__PROBLEM REQUIREMENTS__
The entries that follow include a run beginning at the line with "RrMCUSysStaNidec : Subsystem" and ending at the line with "bus_selector13 : BusSelector"; restate that run word for word and leave the rest out.

__RECORDS FOR THE EXERCISE__
>>

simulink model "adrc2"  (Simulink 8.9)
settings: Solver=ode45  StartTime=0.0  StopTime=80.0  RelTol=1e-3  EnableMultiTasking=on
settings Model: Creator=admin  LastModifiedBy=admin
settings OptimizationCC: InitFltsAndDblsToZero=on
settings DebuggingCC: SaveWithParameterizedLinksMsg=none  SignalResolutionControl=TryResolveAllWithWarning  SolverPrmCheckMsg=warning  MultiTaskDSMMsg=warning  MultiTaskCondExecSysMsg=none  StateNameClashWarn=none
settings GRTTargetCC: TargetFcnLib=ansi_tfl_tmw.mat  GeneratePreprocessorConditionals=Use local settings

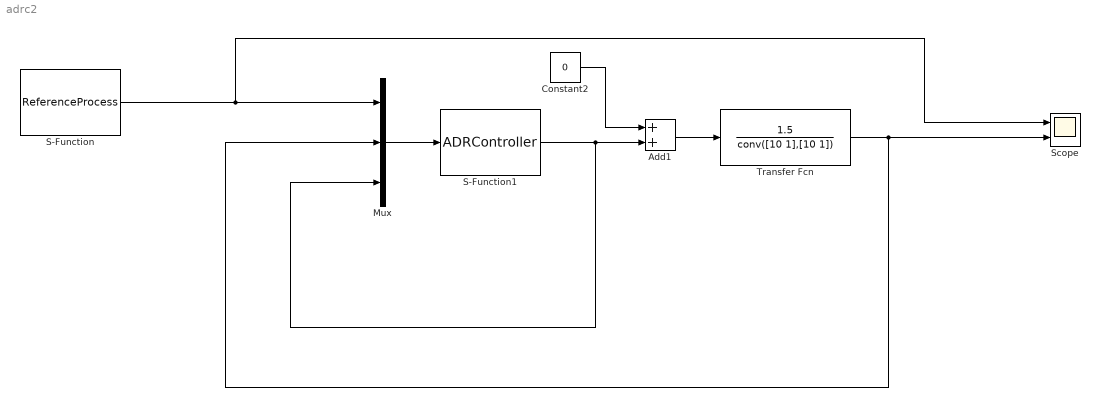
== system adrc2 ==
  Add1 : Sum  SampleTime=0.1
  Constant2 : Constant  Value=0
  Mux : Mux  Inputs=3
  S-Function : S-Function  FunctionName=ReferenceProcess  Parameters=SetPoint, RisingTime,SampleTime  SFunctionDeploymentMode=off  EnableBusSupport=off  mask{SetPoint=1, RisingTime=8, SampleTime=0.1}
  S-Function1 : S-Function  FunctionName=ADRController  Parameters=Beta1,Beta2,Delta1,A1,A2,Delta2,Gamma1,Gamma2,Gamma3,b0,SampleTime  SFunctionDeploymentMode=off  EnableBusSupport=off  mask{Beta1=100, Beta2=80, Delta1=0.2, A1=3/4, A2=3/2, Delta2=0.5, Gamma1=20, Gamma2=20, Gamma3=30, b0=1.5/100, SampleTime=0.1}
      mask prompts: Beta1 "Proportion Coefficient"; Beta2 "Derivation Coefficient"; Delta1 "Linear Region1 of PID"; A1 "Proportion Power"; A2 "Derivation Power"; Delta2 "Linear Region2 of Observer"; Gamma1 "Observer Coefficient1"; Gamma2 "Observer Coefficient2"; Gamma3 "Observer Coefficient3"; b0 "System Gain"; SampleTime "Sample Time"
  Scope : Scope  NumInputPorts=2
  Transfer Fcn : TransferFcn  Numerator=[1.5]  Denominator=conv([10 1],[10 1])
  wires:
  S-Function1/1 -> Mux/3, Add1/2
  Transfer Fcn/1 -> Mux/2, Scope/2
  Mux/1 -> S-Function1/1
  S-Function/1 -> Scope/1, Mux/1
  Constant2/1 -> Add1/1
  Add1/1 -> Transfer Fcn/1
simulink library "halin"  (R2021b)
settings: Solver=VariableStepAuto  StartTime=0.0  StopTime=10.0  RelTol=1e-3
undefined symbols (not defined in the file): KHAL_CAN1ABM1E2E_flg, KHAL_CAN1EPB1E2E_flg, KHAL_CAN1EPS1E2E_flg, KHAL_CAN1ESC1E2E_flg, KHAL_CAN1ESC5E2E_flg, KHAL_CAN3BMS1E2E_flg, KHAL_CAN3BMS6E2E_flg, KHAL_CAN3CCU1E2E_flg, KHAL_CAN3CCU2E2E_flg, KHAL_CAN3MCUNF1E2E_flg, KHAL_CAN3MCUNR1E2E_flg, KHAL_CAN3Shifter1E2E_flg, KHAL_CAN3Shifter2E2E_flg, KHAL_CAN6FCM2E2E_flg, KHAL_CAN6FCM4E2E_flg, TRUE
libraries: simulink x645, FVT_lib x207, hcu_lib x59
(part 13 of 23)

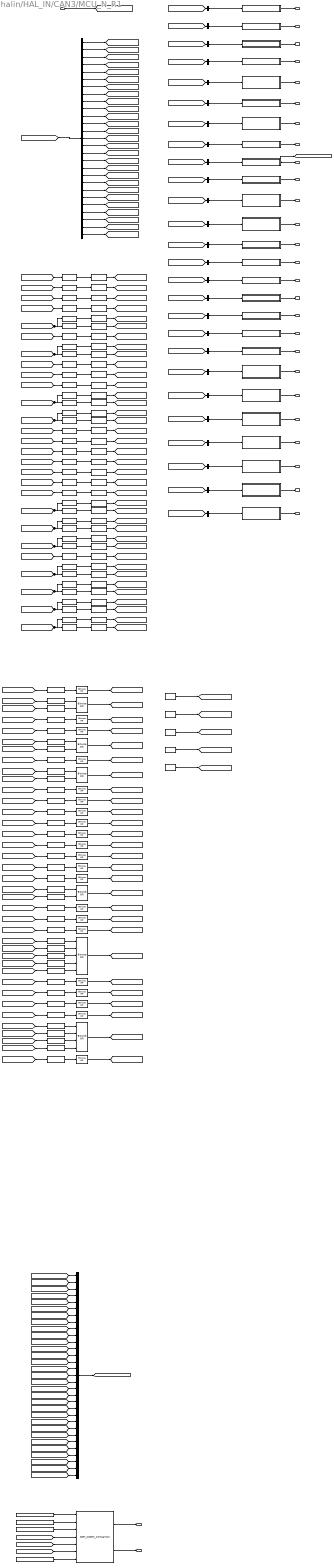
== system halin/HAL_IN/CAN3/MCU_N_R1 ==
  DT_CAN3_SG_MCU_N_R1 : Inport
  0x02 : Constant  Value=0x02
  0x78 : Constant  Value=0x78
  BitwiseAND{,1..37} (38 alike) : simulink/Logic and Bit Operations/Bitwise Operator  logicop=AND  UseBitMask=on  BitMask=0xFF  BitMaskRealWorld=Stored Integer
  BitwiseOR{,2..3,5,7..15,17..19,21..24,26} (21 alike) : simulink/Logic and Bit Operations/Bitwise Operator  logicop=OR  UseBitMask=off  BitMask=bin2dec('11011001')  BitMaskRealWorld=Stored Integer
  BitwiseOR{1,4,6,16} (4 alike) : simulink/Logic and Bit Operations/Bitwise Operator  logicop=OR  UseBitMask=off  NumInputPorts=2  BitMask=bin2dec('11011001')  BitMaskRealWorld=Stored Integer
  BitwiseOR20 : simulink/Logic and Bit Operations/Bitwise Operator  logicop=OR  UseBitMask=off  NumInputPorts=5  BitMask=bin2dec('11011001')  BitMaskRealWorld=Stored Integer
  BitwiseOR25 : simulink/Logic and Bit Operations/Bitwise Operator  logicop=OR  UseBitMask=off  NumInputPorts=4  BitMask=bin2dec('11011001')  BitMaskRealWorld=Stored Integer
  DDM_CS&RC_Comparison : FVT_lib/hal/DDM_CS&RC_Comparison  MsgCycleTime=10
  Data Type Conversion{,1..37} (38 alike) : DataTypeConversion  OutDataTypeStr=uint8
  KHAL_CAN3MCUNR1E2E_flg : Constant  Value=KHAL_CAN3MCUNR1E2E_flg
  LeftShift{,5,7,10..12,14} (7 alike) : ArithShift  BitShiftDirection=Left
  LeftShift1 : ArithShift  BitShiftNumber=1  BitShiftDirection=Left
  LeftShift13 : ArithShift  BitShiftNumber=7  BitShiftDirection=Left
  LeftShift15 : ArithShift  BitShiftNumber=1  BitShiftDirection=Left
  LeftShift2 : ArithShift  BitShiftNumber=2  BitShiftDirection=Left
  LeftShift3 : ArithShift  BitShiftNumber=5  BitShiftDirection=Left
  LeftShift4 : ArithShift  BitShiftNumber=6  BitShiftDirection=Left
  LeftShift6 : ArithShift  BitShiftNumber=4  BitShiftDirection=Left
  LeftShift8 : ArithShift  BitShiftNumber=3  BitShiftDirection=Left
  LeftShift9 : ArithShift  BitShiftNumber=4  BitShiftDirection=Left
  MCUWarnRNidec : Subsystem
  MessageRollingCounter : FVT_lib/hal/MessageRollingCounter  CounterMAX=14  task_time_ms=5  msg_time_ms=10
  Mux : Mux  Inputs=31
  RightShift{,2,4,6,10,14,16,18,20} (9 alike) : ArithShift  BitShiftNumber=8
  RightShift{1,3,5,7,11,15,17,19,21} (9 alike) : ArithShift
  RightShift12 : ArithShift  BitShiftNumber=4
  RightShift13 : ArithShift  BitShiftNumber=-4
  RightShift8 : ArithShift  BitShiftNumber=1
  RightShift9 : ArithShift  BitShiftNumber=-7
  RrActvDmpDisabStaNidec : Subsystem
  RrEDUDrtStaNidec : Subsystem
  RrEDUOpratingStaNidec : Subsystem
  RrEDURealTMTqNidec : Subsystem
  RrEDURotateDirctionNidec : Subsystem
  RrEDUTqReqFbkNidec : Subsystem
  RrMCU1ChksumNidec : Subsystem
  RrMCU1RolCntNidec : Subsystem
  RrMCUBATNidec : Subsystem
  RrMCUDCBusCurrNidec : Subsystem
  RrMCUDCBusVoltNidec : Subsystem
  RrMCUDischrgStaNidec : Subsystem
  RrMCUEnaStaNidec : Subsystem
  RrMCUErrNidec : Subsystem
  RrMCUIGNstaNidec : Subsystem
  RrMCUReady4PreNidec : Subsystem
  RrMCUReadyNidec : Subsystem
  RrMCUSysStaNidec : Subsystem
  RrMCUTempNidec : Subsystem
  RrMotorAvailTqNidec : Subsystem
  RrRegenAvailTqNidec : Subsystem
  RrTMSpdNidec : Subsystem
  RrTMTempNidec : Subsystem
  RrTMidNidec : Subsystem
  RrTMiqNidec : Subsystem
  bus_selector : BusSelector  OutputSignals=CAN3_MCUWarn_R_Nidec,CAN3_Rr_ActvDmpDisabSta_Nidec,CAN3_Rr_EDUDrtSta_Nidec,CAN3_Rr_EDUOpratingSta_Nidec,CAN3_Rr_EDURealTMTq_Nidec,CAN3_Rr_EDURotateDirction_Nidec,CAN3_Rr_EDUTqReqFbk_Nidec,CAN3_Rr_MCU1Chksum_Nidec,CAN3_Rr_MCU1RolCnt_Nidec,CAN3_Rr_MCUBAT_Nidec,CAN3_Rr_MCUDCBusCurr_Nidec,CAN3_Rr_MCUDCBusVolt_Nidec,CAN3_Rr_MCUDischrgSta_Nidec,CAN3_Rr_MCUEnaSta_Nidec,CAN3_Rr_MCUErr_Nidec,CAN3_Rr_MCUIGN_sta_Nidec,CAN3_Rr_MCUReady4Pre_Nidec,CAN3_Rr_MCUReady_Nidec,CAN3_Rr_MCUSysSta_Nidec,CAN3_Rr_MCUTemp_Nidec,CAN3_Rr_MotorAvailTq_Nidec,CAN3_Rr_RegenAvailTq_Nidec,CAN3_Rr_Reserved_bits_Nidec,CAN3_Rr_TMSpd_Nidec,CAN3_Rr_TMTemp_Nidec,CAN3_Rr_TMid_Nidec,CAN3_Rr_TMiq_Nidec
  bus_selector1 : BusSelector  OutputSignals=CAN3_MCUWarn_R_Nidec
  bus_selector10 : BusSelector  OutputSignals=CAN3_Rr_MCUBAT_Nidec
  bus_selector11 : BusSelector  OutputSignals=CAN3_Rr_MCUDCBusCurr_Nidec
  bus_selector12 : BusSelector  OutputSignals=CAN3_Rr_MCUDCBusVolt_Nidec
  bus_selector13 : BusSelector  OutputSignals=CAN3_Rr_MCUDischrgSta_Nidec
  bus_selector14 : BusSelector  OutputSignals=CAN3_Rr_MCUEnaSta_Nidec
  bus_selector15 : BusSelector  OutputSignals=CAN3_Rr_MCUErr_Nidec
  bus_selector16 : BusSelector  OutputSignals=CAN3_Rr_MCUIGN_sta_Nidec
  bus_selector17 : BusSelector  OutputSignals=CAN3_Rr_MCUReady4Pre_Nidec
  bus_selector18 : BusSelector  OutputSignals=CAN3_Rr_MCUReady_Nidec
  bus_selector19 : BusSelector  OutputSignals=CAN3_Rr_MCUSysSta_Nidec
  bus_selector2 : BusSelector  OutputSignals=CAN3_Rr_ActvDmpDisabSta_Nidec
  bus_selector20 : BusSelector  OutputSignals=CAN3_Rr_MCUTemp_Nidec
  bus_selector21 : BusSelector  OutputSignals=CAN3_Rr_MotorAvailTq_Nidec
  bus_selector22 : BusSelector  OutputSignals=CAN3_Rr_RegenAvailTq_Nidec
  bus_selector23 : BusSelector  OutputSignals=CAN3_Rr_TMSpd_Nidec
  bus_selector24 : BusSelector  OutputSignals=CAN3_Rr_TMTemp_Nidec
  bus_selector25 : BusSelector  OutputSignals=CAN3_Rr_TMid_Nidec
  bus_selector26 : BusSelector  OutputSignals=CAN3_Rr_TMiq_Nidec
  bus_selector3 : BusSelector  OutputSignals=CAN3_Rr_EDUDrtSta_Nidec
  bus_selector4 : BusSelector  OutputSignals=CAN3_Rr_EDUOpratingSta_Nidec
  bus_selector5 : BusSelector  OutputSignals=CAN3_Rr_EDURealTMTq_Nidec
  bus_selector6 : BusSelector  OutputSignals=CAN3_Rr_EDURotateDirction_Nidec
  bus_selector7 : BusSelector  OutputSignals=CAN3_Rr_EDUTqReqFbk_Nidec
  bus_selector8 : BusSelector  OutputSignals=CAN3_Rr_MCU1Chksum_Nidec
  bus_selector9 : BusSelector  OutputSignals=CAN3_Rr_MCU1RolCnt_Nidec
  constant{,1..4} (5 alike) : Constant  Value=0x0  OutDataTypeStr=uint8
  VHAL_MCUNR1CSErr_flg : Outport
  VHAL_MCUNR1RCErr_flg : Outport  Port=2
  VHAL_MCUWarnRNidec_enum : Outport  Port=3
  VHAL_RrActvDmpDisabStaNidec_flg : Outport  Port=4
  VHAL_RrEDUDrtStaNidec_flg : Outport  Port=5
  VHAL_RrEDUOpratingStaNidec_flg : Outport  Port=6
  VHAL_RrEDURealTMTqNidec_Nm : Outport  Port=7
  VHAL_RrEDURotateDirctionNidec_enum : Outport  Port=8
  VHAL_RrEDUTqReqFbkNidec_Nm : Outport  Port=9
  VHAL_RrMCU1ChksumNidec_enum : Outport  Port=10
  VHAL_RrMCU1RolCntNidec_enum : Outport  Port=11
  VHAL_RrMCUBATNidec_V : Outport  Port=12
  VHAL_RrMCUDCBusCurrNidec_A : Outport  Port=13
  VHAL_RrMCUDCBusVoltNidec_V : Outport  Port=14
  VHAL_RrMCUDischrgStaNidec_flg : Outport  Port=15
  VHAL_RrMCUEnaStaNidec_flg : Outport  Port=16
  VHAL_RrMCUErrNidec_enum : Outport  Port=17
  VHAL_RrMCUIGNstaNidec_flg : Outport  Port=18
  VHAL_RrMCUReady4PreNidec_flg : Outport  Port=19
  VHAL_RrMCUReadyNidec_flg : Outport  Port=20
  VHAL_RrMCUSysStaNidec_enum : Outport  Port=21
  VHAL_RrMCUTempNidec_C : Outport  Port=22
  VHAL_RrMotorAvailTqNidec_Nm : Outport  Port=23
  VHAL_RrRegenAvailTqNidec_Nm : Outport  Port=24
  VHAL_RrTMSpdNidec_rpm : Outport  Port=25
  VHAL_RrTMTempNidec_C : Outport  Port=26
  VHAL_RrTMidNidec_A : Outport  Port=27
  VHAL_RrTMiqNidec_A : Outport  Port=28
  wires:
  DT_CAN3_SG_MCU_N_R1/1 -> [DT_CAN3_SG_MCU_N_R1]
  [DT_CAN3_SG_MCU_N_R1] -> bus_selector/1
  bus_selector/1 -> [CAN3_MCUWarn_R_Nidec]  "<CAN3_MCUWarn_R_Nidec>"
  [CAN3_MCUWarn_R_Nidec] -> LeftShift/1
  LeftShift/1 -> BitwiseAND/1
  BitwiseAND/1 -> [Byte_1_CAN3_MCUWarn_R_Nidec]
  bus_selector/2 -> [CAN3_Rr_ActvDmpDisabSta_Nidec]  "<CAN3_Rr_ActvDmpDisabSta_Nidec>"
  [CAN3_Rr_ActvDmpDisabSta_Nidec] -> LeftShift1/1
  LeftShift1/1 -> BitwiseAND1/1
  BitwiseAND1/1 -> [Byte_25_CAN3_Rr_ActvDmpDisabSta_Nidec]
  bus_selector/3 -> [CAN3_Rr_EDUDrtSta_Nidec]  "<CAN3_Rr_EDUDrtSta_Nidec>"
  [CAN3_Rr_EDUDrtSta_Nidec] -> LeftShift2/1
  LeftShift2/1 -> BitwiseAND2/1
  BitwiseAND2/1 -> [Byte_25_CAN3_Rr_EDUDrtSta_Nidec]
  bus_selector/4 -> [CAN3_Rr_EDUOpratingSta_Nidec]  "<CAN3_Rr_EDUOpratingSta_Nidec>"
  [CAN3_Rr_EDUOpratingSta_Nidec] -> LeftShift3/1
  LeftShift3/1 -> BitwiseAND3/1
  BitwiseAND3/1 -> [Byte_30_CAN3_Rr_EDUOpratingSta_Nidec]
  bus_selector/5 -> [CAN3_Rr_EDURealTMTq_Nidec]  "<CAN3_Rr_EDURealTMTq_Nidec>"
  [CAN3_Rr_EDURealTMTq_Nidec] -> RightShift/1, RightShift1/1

<<

__RESPONSE BELOW__
  RrMCUSysStaNidec : Subsystem
  RrMCUTempNidec : Subsystem
  RrMotorAvailTqNidec : Subsystem
  RrRegenAvailTqNidec : Subsystem
  RrTMSpdNidec : Subsystem
  RrTMTempNidec : Subsystem
  RrTMidNidec : Subsystem
  RrTMiqNidec : Subsystem
  bus_selector : BusSelector  OutputSignals=CAN3_MCUWarn_R_Nidec,CAN3_Rr_ActvDmpDisabSta_Nidec,CAN3_Rr_EDUDrtSta_Nidec,CAN3_Rr_EDUOpratingSta_Nidec,CAN3_Rr_EDURealTMTq_Nidec,CAN3_Rr_EDURotateDirction_Nidec,CAN3_Rr_EDUTqReqFbk_Nidec,CAN3_Rr_MCU1Chksum_Nidec,CAN3_Rr_MCU1RolCnt_Nidec,CAN3_Rr_MCUBAT_Nidec,CAN3_Rr_MCUDCBusCurr_Nidec,CAN3_Rr_MCUDCBusVolt_Nidec,CAN3_Rr_MCUDischrgSta_Nidec,CAN3_Rr_MCUEnaSta_Nidec,CAN3_Rr_MCUErr_Nidec,CAN3_Rr_MCUIGN_sta_Nidec,CAN3_Rr_MCUReady4Pre_Nidec,CAN3_Rr_MCUReady_Nidec,CAN3_Rr_MCUSysSta_Nidec,CAN3_Rr_MCUTemp_Nidec,CAN3_Rr_MotorAvailTq_Nidec,CAN3_Rr_RegenAvailTq_Nidec,CAN3_Rr_Reserved_bits_Nidec,CAN3_Rr_TMSpd_Nidec,CAN3_Rr_TMTemp_Nidec,CAN3_Rr_TMid_Nidec,CAN3_Rr_TMiq_Nidec
  bus_selector1 : BusSelector  OutputSignals=CAN3_MCUWarn_R_Nidec
  bus_selector10 : BusSelector  OutputSignals=CAN3_Rr_MCUBAT_Nidec
  bus_selector11 : BusSelector  OutputSignals=CAN3_Rr_MCUDCBusCurr_Nidec
  bus_selector12 : BusSelector  OutputSignals=CAN3_Rr_MCUDCBusVolt_Nidec
  bus_selector13 : BusSelector  OutputSignals=CAN3_Rr_MCUDischrgSta_Nidec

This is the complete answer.